- **Task to carry out**
Only lines that contain the word "free" belong in the answer; copy them from the records below.
== Task inputs
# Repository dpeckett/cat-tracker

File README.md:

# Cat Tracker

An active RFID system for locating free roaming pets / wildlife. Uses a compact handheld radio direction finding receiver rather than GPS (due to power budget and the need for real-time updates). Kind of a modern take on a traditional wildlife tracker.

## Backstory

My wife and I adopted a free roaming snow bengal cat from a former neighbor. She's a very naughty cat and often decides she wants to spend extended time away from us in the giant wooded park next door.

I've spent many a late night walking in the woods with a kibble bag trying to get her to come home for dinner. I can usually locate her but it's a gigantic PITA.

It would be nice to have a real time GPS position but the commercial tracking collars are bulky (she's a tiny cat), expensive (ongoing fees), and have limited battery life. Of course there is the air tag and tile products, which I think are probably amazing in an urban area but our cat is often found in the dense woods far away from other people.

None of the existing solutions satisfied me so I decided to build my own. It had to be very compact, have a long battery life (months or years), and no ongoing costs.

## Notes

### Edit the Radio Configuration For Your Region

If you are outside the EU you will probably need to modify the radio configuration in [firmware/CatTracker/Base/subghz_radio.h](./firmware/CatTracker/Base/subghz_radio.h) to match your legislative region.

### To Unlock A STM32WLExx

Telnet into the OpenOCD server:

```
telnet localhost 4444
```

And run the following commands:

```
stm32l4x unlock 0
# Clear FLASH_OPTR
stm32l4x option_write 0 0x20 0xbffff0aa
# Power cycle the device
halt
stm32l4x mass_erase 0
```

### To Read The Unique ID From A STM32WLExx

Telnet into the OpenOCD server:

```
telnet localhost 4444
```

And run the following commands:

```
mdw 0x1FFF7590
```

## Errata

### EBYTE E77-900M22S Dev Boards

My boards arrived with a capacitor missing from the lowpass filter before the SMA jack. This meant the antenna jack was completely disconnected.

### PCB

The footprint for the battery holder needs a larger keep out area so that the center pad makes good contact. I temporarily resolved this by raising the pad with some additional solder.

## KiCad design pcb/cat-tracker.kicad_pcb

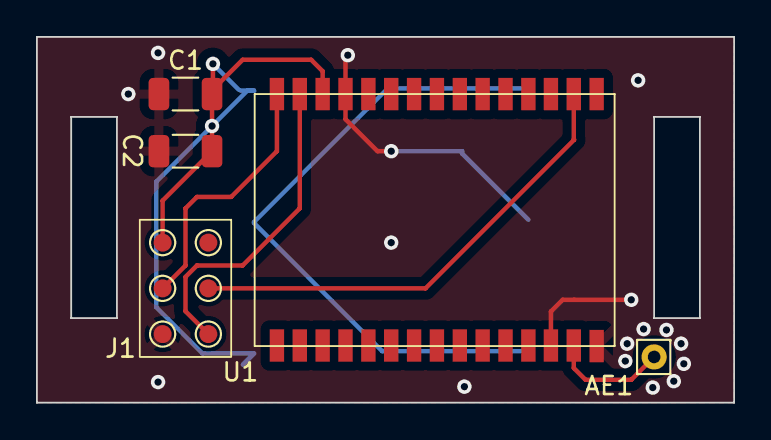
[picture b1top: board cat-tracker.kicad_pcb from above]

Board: 2 copper layers, 38.7 x 20.3 mm, 5 parts (0 on the bottom side), 6 nets.

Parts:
AE1: Antenna; Pin_D0.7mm_L6.5mm_W1.8mm_FlatFork
C1: 1uF; C_1206_3216Metric
C2: 10uF; C_1206_3216Metric
J1: SWD
U1: E07-900M10S

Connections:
GND: C1.2, C2.2, J1.3, U1.13 (GND), U1.15 (GND), U1.27 (GND)
unnamed: AE1.1 (A), U1.14 (ANT)
unnamed: J1.2, U1.30 (SWCLK)
unnamed: J1.4, U1.29 (SWDIO)
unnamed: J1.5, U1.17 (NRST)
VDD: C1.1, C2.1, J1.1, U1.28 (VDD)

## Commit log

2023-07-21 feat: Initial public release
2023-07-22 feat: Include a modelling shot
====
- **Answer box**
An active RFID system for locating free roaming pets / wildlife. Uses a compact handheld radio direction finding receiver rather than GPS (due to power budget and the need for real-time updates). Kind of a modern take on a traditional wildlife tracker.
My wife and I adopted a free roaming snow bengal cat from a former neighbor. She's a very naughty cat and often decides she wants to spend extended time away from us in the giant wooded park next door.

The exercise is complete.